Provided data |

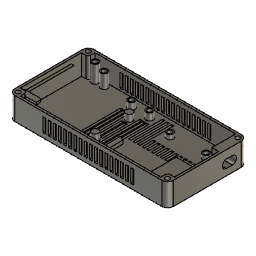
Sensors Case Bottom (Autodesk Fusion 360 design; units mm, degrees)
Autodesk Fusion 360 part; units mm, degrees
note: some values were not read from the file. Set by a fixed rule: which sketch regions a step uses.
(part 1 of 2)
sketch "Sketch1" plane through (0, 0, 0) normal (0, 0, 1) x (1, 0, 0)
  line L0 (65, 35) -> (-65, 35)
  line L1 (-70, 30) -> (-70, -30)
  line L2 (-65, -35) -> (65, -35)
  line L3 (70, -30) -> (70, 30)
  line L4 (70, 35) -> (-70, -35) construction
  line L5 (-70, 35) -> (70, -35) construction
  line L6 (-66, 44.9557) -> (-66, -54.1355) construction
  line L7 (-76.613, 31) -> (75, 31) construction
  line L8 (66, 41.9597) -> (66, -40) construction
  line L9 (75, -31) -> (-75, -31) construction
  line L10 (-62, 35) -> (-65, 35)
  line L11 (-70, 30) -> (-70, 27)
  line L12 (-70, 27) -> (-64, 27)
  line L13 (-62, 29) -> (-62, 35)
  line L14 (-62, 35) -> (-70, 27) construction
  line L15 (-70, 35) -> (-62, 27) construction
  arc A0 (-64, 27) -> (-62, 29) centre (-64, 29) ccw
  arc A1 (-65, 35) -> (-70, 30) centre (-65, 30) ccw
  arc A2 (-65, 35) -> (-70, 30) centre (-65, 30) ccw
  circle A3 centre (-66, 31) radius 3
  arc A4 (70, 30) -> (65, 35) centre (65, 30) ccw
  arc A5 (65, -35) -> (70, -30) centre (65, -30) ccw
  arc A6 (-70, -30) -> (-65, -35) centre (-65, -30) ccw
  line L16 (-64, -27) -> (-70, -27)
  line L17 (-70, -27) -> (-70, -30)
  line L18 (-65, -35) -> (-62, -35)
  line L19 (-62, -35) -> (-62, -29)
  line L20 (-62, -27) -> (-70, -35) construction
  line L21 (-70, -27) -> (-62, -35) construction
  arc A7 (-70, -30) -> (-65, -35) centre (-65, -30) ccw
  arc A8 (-62, -29) -> (-64, -27) centre (-64, -29) ccw
  circle A9 centre (-66, -31) radius 3
  line L22 (0, 0) -> (0, -13) construction
  arc A10 (64, -27) -> (62, -29) centre (64, -29) ccw
  line L23 (70, -27) -> (70, -30)
  line L24 (62, -35) -> (62, -29)
  line L25 (70, 27) -> (64, 27)
  arc A11 (70, 30) -> (65, 35) centre (65, 30) ccw
  line L26 (70, 35) -> (62, 27) construction
  arc A12 (65, -35) -> (70, -30) centre (65, -30) ccw
  line L27 (62, 35) -> (70, 27) construction
  line L28 (70, 30) -> (70, 27)
  arc A13 (65, -35) -> (70, -30) centre (65, -30) ccw
  arc A14 (62, 29) -> (64, 27) centre (64, 29) ccw
  line L29 (65, -35) -> (62, -35)
  line L30 (62, 29) -> (62, 35)
  circle A15 centre (66, -31) radius 3
  arc A16 (70, 30) -> (65, 35) centre (65, 30) ccw
  line L31 (64, -27) -> (70, -27)
  line L32 (62, -27) -> (70, -35) construction
  line L33 (70, 30) -> (70, -30)
  line L34 (62, 35) -> (65, 35)
  circle A17 centre (66, 31) radius 3
  line L35 (70, -27) -> (62, -35) construction
  line L36 (68, 33) -> (-68, 33)
  line L37 (-68, 33) -> (-68, -33)
  line L38 (-68, -33) -> (68, -33)
  line L39 (68, -33) -> (68, 33)
  line L40 (68, 33) -> (-68, -33) construction
  line L41 (-68, 33) -> (68, -33) construction
  point P0 (-66, 31)
  point P1 (-66, -31)
  point P2 (75, -31)
  point P3 (70, 35)
  point P4 (70, -35)
  point P5 (76.613, 31)
  point P6 (66, -31)
  point P7 (66, 44.9557)
  point P8 (66, 31)
  dimension "d1" = 140
  dimension "d2" = 70
  dimension "d3" = 4
  dimension "d4" = 4
  dimension "d5" = 4
  dimension "d6" = 4
  dimension "d7" = 8
  dimension "d8" = 8
  dimension "d9" = 2
  dimension "d10" = 5
  dimension "d11" = 6
  dimension "d12" = 5
  dimension "d13" = 8
  dimension "d14" = 8
  dimension "d15" = 5
  dimension "d16" = 2
  dimension "d17" = 6
  dimension "d20" = 136
  dimension "d21" = 66
  dimension "d211" = 5
  constraint horizontal L0
  constraint perpendicular L0 L1
  constraint parallel L0 L2
  constraint parallel L1 L3
  constraint coincident L4 L22.start
  constraint coincident L5 L22.start
  constraint coincident L22.start origin
  constraint vertical L6
  constraint perpendicular L3 L7
  constraint perpendicular L2 L8
  constraint perpendicular L1 L9
  constraint horizontal L10
  constraint perpendicular L10 L11
  constraint parallel L10 L12
  constraint parallel L11 L13
  constraint coincident L14 P0
  constraint coincident L15 P0
  constraint coincident L7 P0
  constraint coincident L6 P0
  constraint coincident L15.end L13
  constraint coincident L15.end L12
  constraint tangent L13 A0
  constraint tangent L12 A0
  constraint coincident L5.start L10
  constraint coincident L5.start L1
  constraint tangent L10 A1
  constraint tangent L1 A1
  constraint coincident L5.start L0
  constraint coincident L5.start L11
  constraint tangent L0 A2
  constraint tangent L11 A2
  constraint coincident P0 A3.centre
  constraint coincident P3 L0
  constraint coincident P3 L3
  constraint tangent L0 A4
  constraint tangent L3 A4
  constraint coincident L5.end L3
  constraint coincident L5.end L2
  constraint tangent L3 A5
  constraint tangent L2 A5
  constraint equal A4 A5
  constraint coincident L4.end L1
  constraint coincident L4.end L2
  constraint tangent L1 A6
  constraint tangent L2 A6
  constraint equal A4 A6
  constraint horizontal L16
  constraint perpendicular L16 L17
  constraint parallel L16 L18
  constraint parallel L17 L19
  constraint coincident L20 P1
  constraint coincident L21 P1
  constraint coincident L6 P1
  constraint coincident L9 P1
  constraint coincident L4.end L17
  constraint coincident L4.end L18
  constraint tangent L17 A7
  constraint tangent L18 A7
  constraint coincident L20.start L16
  constraint coincident L20.start L19
  constraint tangent L16 A8
  constraint tangent L19 A8
  constraint coincident P1 A9.centre
  constraint vertical L22
  constraint symmetric L5.start L22 P3
  constraint symmetric L4.end L22 P4
  constraint symmetric L6.start L22 P7
  constraint symmetric L7.start L22 P5
  constraint symmetric L9.end L22 P2
  constraint symmetric L10.start L22 L27.start
  constraint symmetric L11.end L22 L25.start
  constraint symmetric L15.end L22 L26.end
  constraint symmetric P0 L22 P8
  constraint symmetric L13.start L22 A14.start
  constraint symmetric L12.end L22 L25.end
  constraint symmetric A0 L22 A14
  constraint symmetric L0.end L22 L0.start
  constraint symmetric L1.start L22 L3.end
  constraint symmetric A1 L22 A16
  constraint symmetric A2 L22 A11
  constraint symmetric A3 L22 A17
  constraint symmetric L1.end L22 L3.start
  constraint symmetric L2.start L22 L2.end
  constraint symmetric A6 L22 A13
  constraint symmetric L20.start L22 L32.start
  constraint symmetric L16.end L22 L23.start
  constraint symmetric L18.end L22 L24.start
  constraint symmetric P1 L22 P6
  constraint symmetric A7 L22 A12
  constraint symmetric L16.start L22 A10.start
  constraint symmetric L19.end L22 A10.end
  constraint symmetric A8 L22 A10
  constraint symmetric A9 L22 A15
  constraint horizontal L36
  constraint perpendicular L36 L37
  constraint parallel L36 L38
  constraint parallel L37 L39
  constraint coincident L40 L22.start
  constraint coincident L41 L22.start
  measures "d1" distance of L4.end L5.end
  measures "d2" distance of L5.start L4.end
  measures "d3" distance of L2 L9
  measures "d4" distance of L1 L6
  measures "d5" distance of L0 L7
  measures "d6" distance of L3 L8
  measures "d7" distance of L11.end L15.end
  measures "d8" distance of L5.start L11.end
  measures "d9" radius of A0
  measures "d10" radius of A2
  measures "d11" diameter of A3
  measures "d12" radius of A4
  measures "d13" distance of L4.end L18.end
  measures "d14" distance of L16.end L4.end
  measures "d15" radius of A7
  measures "d16" radius of A8
  measures "d17" diameter of A9
  measures "d20" distance of L37.end L38.end
  measures "d21" distance of L36.end L37.end
  measures "d211" radius of A1
extrude "Extrude1" add sketch "Sketch1" along normal blind 20 contours L0 L3 A4 L25 A11 L28 L30 A16 L33 L34 A17 L36 L39 | L0 L13 L30 L36 | L0 L1 L10 L11 L12 L13 A1 A2 A3 L36 L37 | L25 A14 L30 A17 L36 L39 | L3 L25 L31 L33 L39 | L12 L13 A0 A3 L36 L37 | L2 L3 A5 L23 L24 A12 A13 L29 A15 L31 L33 L38 L39 | A10 L24 A15 L31 L38 L39 | L1 L12 L16 L37 | L1 L2 A6 L16 L17 L18 L19 A7 A9 L37 L38 | L2 L19 L24 L38 | L16 L19 A8 A9 L37 L38 makes body 1
sketch "Sketch3" plane through (0, 0, 0) normal (0, 0, -1) x (1, 0, 0)
  circle A0 centre (-66, -31) radius 3
  circle A1 centre (66, 31) radius 3
  line L0 (-62, 33) -> (62, 33)
  line L1 (62, 33) -> (62, 29)
  arc A2 (62, 29) -> (64, 27) centre (64, 29) ccw
  line L2 (64, 27) -> (68, 27)
  line L3 (68, 27) -> (68, -27)
  line L4 (68, -27) -> (64, -27)
  arc A3 (64, -27) -> (62, -29) centre (64, -29) ccw
  line L5 (62, -29) -> (62, -33)
  line L6 (62, -33) -> (-62, -33)
  line L7 (-62, -33) -> (-62, -29)
  arc A4 (-62, -29) -> (-64, -27) centre (-64, -29) ccw
  line L8 (-64, -27) -> (-68, -27)
  line L9 (-68, -27) -> (-68, 27)
  line L10 (-68, 27) -> (-64, 27)
  arc A5 (-64, 27) -> (-62, 29) centre (-64, 29) ccw
  line L11 (-62, 29) -> (-62, 33)
  circle A6 centre (66, -31) radius 3
  circle A7 centre (-66, 31) radius 3
  line L12 (-65, -35) -> (65, -35)
  arc A8 (65, -35) -> (70, -30) centre (65, -30) ccw
  line L13 (70, -30) -> (70, 30)
  arc A9 (70, 30) -> (65, 35) centre (65, 30) ccw
  line L14 (65, 35) -> (-65, 35)
  arc A10 (-65, 35) -> (-70, 30) centre (-65, 30) ccw
  line L15 (-70, 30) -> (-70, -30)
  arc A11 (-70, -30) -> (-65, -35) centre (-65, -30) ccw
  line L16 (-68, -35) -> (68, -35)
  line L17 (70, -33) -> (70, 33)
  line L18 (68, 35) -> (-68, 35)
  line L19 (-70, 33) -> (-70, -33)
  line L20 (-70, -35) -> (70, 35) construction
  line L21 (70, -35) -> (-70, 35) construction
  arc A12 (-70, -33) -> (-68, -35) centre (-68, -33) ccw
  arc A13 (-68, 35) -> (-70, 33) centre (-68, 33) ccw
  arc A14 (70, 33) -> (68, 35) centre (68, 33) ccw
  arc A15 (68, -35) -> (70, -33) centre (68, -33) ccw
  dimension "d22" = 140
  dimension "d23" = 70
  dimension "d24" = 2
  constraint horizontal L16
  constraint perpendicular L16 L17
  constraint parallel L16 L18
  constraint parallel L17 L19
  constraint coincident L20 origin
  constraint coincident L21 origin
  constraint coincident L20.start L16
  constraint coincident L20.start L19
  constraint tangent L16 A12
  constraint tangent L19 A12
  constraint coincident L21.end L19
  constraint coincident L21.end L18
  constraint tangent L19 A13
  constraint tangent L18 A13
  constraint equal A12 A13
  constraint coincident L20.end L18
  constraint coincident L20.end L17
  constraint tangent L18 A14
  constraint tangent L17 A14
  constraint equal A12 A14
  constraint coincident L21.start L17
  constraint coincident L21.start L16
  constraint tangent L17 A15
  constraint tangent L16 A15
  constraint equal A12 A15
  measures "d22" distance of L20.end L21.end
  measures "d23" distance of L21.start L20.end
  measures "d24" radius of A12
extrude "Extrude2" add sketch "Sketch3" against normal blind 2 contours L0 L1 A2 L2 L3 L4 A3 L5 L6 L7 A4 L8 L9 L10 A5 L11 | L12 A8 L13 A9 L14 A10 L15 A11 L16 L17 L18 L19 bodies 1
sketch "Sketch22" plane through (0, 0, 2) normal (0, 0, 1) x (-1, 0, 0)
  line L0 (-62, 33) -> (-62, 29)
  arc A0 (-64, 27) -> (-62, 29) centre (-64, 29) ccw
  line L1 (-64, 27) -> (-68, 27)
  line L2 (-68, 27) -> (-68, -27)
  line L3 (-68, -27) -> (-64, -27)
  arc A1 (-62, -29) -> (-64, -27) centre (-64, -29) ccw
  line L4 (-62, -29) -> (-62, -33)
  line L5 (-62, -33) -> (62, -33)
  line L6 (62, -33) -> (62, -29)
  arc A2 (64, -27) -> (62, -29) centre (64, -29) ccw
  line L7 (64, -27) -> (68, -27)
  line L8 (68, -27) -> (68, 27)
  line L9 (68, 27) -> (64, 27)
  arc A3 (62, 29) -> (64, 27) centre (64, 29) ccw
  line L10 (62, 29) -> (62, 33)
  line L11 (62, 33) -> (-62, 33)
  line L12 (-62, 27) -> (-62, 2)
  line L13 (-62, 2) -> (-68, 2)
  line L14 (-68, 2) -> (-68, 27)
  line L15 (-64.3335, 27) -> (-64.3335, 27.5858)
  line L16 (-64.3335, 27.5858) -> (-62.5858, 27.5858)
  line L17 (-62, 27.5858) -> (-62, 27)
  line L18 (-62.5858, 27.5858) -> (-62.5858, 29.0477)
  line L19 (-62.5858, 29.0477) -> (-62, 29.0477)
  line L20 (-62, 29.0477) -> (-62, 27)
  line L21 (-68, 27) -> (-64.3335, 27)
  constraint horizontal L21
  constraint vertical L12
  constraint horizontal L13
  constraint vertical L14
  constraint coincident L1.end L2.start
  constraint vertical L15
  constraint horizontal L16
  constraint vertical L17
  constraint vertical L18
  constraint horizontal L19
  constraint vertical L20
  constraint coincident A0 L16.end
extrude "Extrude21" add sketch "Sketch22" along normal blind 5 contours A0 L1 L2 L12 L13 L14 L17 L20 L21 bodies 1
sketch "Sketch4" plane through (0, 0, 2) normal (0, 0, 1) x (-1, 0, 0)
  line L0 (-62, 33) -> (-62, 2)
  line L1 (-68, 2) -> (-68, -27)
  line L2 (-68, -27) -> (-64, -27)
  arc A0 (-62, -29) -> (-64, -27) centre (-64, -29) ccw
  line L3 (-62, -29) -> (-62, -33)
  line L4 (-62, -33) -> (62, -33)
  line L5 (62, -33) -> (62, -29)
  arc A1 (64, -27) -> (62, -29) centre (64, -29) ccw
  line L6 (64, -27) -> (68, -27)
  line L7 (68, -27) -> (68, 27)
  line L8 (68, 27) -> (64, 27)
  arc A2 (62, 29) -> (64, 27) centre (64, 29) ccw
  line L9 (62, 29) -> (62, 33)
  line L10 (62, 33) -> (-62, 33)
  line L11 (-45, 1.5) -> (-68, 1.5)
  line L12 (-68, 1.5) -> (-68, 0.5)
  line L13 (-68, 0.5) -> (-45, 0.5)
  line L14 (-45, 0.5) -> (-45, 1.5)
  line L15 (-62, 2) -> (-68, 2)
  dimension "d119" = 1
  dimension "d202" = 31.5
  constraint horizontal L11
  constraint vertical L12
  constraint horizontal L13
  constraint vertical L14
  measures "d119" distance of L11.end L12.end
  measures "d202" distance of L10 L11
extrude "Extrude3" add sketch "Sketch4" along normal blind 8.5 contours L1 L11 L12 L13 L14 bodies 1
sketch "Sketch5" plane through (0, 0, 10.5) normal (0, 0, 1) x (-1, 0, 0)
  line L0 (-45, 0.5) -> (-45, 1.5)
  line L1 (-45, 1.5) -> (-68, 1.5)
  line L2 (-68, 1.5) -> (-68, 0.5)
  line L3 (-68, 0.5) -> (-45, 0.5)
  line L4 (-45, 0.5) -> (-68, 0.5)
  line L5 (-68, 0.5) -> (-68, 27)
  line L6 (-68, 27) -> (-64, 27)
  line L7 (-45, 27) -> (-45, 0.5)
  line L8 (-62, 29) -> (-62, 33)
  line L9 (-62, 33) -> (-45, 33)
  line L10 (-45, 33) -> (-45, 27)
  arc A0 (-64, 27) -> (-62, 29) centre (-64, 29) ccw
  point P0 (-68, 27)
  point P1 (-62, 33)
  dimension "d29" = 2
  constraint horizontal L4
  constraint vertical L5
  constraint horizontal L6
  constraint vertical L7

Work required |
Above are records; repeat only the lines starting at the line with "constraint coincident L6 P1" and ending at the line with "constraint tangent L19 A8", exactly as they appear, both included.

Reply |
  constraint coincident L6 P1
  constraint coincident L9 P1
  constraint coincident L4.end L17
  constraint coincident L4.end L18
  constraint tangent L17 A7
  constraint tangent L18 A7
  constraint coincident L20.start L16
  constraint coincident L20.start L19
  constraint tangent L16 A8
  constraint tangent L19 A8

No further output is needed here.